Provided material =
_ _ _ _ _ _ _

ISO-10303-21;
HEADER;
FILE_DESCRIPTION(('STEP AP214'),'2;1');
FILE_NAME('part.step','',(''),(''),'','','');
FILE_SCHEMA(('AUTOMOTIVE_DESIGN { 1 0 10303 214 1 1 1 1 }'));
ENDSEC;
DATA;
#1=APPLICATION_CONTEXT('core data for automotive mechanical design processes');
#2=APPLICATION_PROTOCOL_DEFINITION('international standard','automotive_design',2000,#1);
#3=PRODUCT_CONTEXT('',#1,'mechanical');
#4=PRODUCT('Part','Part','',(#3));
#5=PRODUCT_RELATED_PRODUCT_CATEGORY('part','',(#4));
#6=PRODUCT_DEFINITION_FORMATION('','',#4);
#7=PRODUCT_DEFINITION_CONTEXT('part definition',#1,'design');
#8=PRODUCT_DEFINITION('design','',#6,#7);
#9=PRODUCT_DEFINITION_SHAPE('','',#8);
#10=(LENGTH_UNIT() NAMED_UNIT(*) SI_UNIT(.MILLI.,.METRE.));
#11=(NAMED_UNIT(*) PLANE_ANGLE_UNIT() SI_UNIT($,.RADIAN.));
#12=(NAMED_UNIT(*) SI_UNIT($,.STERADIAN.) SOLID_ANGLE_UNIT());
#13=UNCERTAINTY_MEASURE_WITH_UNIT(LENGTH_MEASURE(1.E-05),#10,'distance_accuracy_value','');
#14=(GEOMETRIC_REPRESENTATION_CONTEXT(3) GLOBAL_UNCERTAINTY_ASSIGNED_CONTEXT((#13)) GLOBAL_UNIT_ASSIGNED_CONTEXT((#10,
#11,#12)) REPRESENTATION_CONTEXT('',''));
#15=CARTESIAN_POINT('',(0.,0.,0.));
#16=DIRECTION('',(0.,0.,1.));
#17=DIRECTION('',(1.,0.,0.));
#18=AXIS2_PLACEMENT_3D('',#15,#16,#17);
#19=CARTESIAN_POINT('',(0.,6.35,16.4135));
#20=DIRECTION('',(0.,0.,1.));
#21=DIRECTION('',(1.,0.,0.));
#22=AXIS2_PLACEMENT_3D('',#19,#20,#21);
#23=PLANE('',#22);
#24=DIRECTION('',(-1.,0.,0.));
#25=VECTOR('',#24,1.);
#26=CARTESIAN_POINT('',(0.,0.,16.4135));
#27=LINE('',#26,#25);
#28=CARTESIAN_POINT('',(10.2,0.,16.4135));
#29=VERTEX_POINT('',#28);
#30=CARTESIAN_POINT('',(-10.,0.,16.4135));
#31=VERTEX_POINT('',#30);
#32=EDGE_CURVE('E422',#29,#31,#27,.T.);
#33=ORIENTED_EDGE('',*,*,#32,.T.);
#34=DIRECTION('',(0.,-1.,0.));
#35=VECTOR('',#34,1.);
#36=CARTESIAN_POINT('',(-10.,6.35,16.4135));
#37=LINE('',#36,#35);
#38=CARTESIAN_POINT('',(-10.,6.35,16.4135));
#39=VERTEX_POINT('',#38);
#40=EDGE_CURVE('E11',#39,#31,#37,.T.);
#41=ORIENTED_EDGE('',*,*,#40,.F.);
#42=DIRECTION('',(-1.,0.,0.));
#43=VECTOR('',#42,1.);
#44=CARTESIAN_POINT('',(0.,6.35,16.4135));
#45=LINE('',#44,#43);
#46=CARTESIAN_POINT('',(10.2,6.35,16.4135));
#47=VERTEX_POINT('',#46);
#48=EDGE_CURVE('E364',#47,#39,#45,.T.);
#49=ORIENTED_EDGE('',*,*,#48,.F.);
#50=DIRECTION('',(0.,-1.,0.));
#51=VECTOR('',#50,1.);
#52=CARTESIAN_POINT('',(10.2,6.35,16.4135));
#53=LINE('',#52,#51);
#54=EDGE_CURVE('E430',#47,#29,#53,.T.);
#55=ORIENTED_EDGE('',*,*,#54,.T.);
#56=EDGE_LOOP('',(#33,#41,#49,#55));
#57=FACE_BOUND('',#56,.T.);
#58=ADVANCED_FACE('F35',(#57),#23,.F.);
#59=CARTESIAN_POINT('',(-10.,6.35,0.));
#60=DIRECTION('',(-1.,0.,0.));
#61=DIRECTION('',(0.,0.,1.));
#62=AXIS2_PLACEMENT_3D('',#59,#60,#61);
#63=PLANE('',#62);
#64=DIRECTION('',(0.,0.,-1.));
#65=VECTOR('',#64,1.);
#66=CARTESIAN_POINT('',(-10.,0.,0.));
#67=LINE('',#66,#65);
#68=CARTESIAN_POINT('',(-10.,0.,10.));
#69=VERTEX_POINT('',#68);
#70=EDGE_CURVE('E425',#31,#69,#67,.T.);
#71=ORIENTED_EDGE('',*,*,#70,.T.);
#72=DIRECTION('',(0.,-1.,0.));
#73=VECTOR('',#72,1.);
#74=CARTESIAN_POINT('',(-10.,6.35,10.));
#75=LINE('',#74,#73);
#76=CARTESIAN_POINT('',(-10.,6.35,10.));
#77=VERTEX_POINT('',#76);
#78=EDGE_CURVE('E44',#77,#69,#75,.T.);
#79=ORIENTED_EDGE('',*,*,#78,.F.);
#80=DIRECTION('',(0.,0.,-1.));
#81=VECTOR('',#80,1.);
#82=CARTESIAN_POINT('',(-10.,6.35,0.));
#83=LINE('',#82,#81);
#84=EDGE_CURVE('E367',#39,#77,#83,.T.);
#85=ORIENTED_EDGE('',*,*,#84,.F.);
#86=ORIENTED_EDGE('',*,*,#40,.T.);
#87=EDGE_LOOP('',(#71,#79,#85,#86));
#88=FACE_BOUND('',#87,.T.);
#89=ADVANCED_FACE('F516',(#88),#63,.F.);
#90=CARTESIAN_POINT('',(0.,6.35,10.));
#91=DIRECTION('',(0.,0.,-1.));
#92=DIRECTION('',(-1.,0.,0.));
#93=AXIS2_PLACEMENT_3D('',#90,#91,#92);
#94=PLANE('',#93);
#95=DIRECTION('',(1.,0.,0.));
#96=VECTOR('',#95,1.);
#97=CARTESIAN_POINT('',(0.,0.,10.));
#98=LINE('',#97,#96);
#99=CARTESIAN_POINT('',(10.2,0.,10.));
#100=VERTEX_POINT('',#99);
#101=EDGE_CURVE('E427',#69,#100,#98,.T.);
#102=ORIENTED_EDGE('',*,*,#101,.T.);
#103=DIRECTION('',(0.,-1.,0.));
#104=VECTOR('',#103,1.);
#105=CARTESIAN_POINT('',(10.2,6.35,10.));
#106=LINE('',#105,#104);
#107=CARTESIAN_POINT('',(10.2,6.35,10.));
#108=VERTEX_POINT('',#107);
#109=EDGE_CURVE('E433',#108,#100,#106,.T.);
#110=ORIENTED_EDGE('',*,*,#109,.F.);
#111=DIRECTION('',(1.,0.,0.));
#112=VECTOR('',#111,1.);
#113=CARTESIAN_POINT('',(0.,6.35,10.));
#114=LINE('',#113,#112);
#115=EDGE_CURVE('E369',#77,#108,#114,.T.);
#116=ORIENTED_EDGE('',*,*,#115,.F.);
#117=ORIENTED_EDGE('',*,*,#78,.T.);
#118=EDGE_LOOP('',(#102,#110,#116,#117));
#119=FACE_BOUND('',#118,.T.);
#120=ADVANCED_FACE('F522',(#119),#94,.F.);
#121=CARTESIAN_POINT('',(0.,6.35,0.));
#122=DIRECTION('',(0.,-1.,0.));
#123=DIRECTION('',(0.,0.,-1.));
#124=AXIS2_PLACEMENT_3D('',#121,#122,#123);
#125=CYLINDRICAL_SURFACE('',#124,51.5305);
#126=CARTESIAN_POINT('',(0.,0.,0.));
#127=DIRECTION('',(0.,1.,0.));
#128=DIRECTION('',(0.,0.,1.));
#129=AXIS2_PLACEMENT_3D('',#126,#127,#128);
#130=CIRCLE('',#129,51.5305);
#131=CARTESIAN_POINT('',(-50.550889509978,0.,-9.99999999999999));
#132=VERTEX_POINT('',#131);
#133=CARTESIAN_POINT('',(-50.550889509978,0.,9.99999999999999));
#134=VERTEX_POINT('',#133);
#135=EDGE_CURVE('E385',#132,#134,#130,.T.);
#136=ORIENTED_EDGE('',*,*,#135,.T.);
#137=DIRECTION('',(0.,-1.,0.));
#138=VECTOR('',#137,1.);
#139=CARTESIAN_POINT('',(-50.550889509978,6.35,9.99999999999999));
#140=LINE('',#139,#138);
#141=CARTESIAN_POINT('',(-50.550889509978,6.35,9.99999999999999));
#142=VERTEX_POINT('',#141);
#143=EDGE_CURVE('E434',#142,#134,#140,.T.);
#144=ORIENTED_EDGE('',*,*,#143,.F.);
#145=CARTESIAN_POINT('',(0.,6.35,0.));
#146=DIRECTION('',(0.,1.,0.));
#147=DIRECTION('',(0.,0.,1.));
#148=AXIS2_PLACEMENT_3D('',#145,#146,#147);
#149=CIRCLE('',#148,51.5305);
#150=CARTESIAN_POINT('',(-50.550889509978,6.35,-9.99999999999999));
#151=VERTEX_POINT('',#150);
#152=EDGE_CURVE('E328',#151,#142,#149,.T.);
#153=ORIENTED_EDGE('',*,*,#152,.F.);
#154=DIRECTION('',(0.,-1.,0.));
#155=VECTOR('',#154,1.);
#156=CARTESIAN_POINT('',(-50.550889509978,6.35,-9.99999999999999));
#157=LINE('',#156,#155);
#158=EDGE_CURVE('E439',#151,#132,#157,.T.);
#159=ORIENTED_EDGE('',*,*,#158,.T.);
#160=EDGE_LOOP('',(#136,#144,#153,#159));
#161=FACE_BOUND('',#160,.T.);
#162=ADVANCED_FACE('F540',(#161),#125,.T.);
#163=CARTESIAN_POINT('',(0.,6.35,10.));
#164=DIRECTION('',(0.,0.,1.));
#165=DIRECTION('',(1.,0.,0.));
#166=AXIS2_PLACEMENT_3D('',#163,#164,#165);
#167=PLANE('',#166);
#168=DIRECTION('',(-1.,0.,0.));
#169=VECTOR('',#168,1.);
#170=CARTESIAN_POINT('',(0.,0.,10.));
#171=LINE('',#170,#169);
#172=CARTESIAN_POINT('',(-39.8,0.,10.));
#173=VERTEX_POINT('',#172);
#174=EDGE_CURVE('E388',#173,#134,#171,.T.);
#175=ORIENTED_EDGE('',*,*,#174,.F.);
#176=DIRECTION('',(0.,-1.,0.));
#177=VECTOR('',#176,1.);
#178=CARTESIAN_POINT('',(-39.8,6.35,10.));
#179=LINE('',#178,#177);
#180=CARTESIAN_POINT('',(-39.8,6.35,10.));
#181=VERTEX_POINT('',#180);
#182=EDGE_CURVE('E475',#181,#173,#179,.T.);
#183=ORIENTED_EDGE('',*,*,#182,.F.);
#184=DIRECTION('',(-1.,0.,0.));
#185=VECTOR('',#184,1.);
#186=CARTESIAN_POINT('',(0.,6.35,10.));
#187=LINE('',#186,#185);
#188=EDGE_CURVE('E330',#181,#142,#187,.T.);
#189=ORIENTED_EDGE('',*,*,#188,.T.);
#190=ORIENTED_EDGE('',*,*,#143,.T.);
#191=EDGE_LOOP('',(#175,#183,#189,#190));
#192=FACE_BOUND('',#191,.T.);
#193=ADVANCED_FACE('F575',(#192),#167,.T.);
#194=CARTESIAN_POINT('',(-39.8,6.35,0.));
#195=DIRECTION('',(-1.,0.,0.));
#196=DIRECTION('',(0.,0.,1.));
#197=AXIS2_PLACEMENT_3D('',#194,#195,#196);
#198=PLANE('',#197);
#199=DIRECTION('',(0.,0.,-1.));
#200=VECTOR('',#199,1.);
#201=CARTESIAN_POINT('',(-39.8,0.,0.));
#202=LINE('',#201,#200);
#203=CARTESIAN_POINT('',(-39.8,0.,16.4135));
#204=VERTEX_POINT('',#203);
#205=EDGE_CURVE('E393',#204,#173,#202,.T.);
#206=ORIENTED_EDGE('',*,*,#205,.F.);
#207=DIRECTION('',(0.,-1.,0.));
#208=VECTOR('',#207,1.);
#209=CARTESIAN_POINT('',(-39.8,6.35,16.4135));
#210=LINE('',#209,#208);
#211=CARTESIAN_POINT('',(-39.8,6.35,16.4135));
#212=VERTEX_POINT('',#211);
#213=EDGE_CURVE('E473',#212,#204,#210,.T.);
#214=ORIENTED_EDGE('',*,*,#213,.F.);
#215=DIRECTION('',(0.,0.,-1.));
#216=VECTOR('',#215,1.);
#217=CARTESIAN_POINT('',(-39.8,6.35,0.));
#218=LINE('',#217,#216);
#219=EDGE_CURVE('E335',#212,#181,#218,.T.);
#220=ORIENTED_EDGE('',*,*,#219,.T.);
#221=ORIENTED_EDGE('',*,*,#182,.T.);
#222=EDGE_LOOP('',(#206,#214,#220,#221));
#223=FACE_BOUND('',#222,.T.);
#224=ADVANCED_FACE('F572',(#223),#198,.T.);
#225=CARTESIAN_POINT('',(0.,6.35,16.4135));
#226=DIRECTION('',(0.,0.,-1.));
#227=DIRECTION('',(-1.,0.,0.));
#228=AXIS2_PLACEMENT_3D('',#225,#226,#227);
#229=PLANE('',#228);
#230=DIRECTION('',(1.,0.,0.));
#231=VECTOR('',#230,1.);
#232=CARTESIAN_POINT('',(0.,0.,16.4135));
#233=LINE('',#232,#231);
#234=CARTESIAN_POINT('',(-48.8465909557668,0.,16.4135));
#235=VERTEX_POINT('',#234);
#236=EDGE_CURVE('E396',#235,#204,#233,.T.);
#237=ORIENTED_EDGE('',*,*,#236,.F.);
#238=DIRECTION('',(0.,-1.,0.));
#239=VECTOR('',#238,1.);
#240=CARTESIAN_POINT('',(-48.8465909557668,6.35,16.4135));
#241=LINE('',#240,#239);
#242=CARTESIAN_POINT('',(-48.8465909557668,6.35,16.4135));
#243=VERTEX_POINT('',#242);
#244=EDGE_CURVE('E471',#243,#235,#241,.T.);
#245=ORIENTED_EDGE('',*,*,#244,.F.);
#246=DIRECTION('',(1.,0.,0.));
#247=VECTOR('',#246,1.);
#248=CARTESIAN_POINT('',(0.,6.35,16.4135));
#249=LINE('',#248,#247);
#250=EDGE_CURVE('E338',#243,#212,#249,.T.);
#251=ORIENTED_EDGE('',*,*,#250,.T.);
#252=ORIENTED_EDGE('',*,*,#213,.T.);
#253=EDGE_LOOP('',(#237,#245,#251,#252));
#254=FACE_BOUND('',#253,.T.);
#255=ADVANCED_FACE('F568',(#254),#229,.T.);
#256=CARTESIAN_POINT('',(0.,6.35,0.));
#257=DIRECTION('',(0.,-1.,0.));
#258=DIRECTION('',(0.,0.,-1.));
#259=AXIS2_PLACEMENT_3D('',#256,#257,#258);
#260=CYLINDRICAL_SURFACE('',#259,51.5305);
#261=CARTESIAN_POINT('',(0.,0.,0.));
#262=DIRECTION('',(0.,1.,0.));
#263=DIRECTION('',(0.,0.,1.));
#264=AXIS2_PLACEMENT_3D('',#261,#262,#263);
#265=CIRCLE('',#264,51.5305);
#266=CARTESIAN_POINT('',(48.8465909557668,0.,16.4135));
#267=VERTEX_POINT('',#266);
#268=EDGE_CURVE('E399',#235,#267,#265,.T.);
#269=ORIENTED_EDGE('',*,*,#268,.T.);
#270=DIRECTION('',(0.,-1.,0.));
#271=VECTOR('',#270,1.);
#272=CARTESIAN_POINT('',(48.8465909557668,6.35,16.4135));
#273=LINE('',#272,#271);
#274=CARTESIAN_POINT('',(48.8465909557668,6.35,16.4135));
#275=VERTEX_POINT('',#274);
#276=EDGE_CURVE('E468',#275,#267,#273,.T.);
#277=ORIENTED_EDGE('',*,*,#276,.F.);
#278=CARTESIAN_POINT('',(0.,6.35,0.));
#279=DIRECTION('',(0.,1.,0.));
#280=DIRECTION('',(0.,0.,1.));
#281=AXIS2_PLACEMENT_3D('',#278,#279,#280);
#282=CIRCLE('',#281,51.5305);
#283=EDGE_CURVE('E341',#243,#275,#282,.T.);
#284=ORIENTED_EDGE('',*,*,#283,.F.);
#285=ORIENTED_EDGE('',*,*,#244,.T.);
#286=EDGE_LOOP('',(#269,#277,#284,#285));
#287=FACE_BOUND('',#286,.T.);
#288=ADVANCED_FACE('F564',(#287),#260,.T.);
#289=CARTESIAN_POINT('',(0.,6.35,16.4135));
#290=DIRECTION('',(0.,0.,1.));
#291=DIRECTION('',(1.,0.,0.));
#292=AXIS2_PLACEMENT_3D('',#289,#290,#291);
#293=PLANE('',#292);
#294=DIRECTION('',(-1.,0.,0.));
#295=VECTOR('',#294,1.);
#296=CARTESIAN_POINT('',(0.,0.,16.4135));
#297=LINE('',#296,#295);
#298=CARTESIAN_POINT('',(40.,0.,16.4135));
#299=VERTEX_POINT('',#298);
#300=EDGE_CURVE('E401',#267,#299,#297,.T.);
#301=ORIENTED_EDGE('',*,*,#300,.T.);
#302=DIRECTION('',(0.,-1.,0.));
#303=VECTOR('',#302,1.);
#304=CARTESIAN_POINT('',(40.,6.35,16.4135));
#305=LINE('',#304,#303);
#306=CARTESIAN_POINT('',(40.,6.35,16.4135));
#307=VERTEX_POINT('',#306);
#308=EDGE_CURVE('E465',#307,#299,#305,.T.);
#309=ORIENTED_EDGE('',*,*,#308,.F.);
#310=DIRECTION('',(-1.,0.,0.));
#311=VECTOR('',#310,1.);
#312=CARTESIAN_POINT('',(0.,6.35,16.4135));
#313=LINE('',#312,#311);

_ _ _ _ _ _ _

Prompt = Return exactly, and only, the lines above starting at the line that contains "#231=VECTOR('',#230,1.);" and ending at the line that contains "#261=CARTESIAN_POINT('',(0.,0.,0.));".

Exercise response =
#231=VECTOR('',#230,1.);
#232=CARTESIAN_POINT('',(0.,0.,16.4135));
#233=LINE('',#232,#231);
#234=CARTESIAN_POINT('',(-48.8465909557668,0.,16.4135));
#235=VERTEX_POINT('',#234);
#236=EDGE_CURVE('E396',#235,#204,#233,.T.);
#237=ORIENTED_EDGE('',*,*,#236,.F.);
#238=DIRECTION('',(0.,-1.,0.));
#239=VECTOR('',#238,1.);
#240=CARTESIAN_POINT('',(-48.8465909557668,6.35,16.4135));
#241=LINE('',#240,#239);
#242=CARTESIAN_POINT('',(-48.8465909557668,6.35,16.4135));
#243=VERTEX_POINT('',#242);
#244=EDGE_CURVE('E471',#243,#235,#241,.T.);
#245=ORIENTED_EDGE('',*,*,#244,.F.);
#246=DIRECTION('',(1.,0.,0.));
#247=VECTOR('',#246,1.);
#248=CARTESIAN_POINT('',(0.,6.35,16.4135));
#249=LINE('',#248,#247);
#250=EDGE_CURVE('E338',#243,#212,#249,.T.);
#251=ORIENTED_EDGE('',*,*,#250,.T.);
#252=ORIENTED_EDGE('',*,*,#213,.T.);
#253=EDGE_LOOP('',(#237,#245,#251,#252));
#254=FACE_BOUND('',#253,.T.);
#255=ADVANCED_FACE('F568',(#254),#229,.T.);
#256=CARTESIAN_POINT('',(0.,6.35,0.));
#257=DIRECTION('',(0.,-1.,0.));
#258=DIRECTION('',(0.,0.,-1.));
#259=AXIS2_PLACEMENT_3D('',#256,#257,#258);
#260=CYLINDRICAL_SURFACE('',#259,51.5305);
#261=CARTESIAN_POINT('',(0.,0.,0.));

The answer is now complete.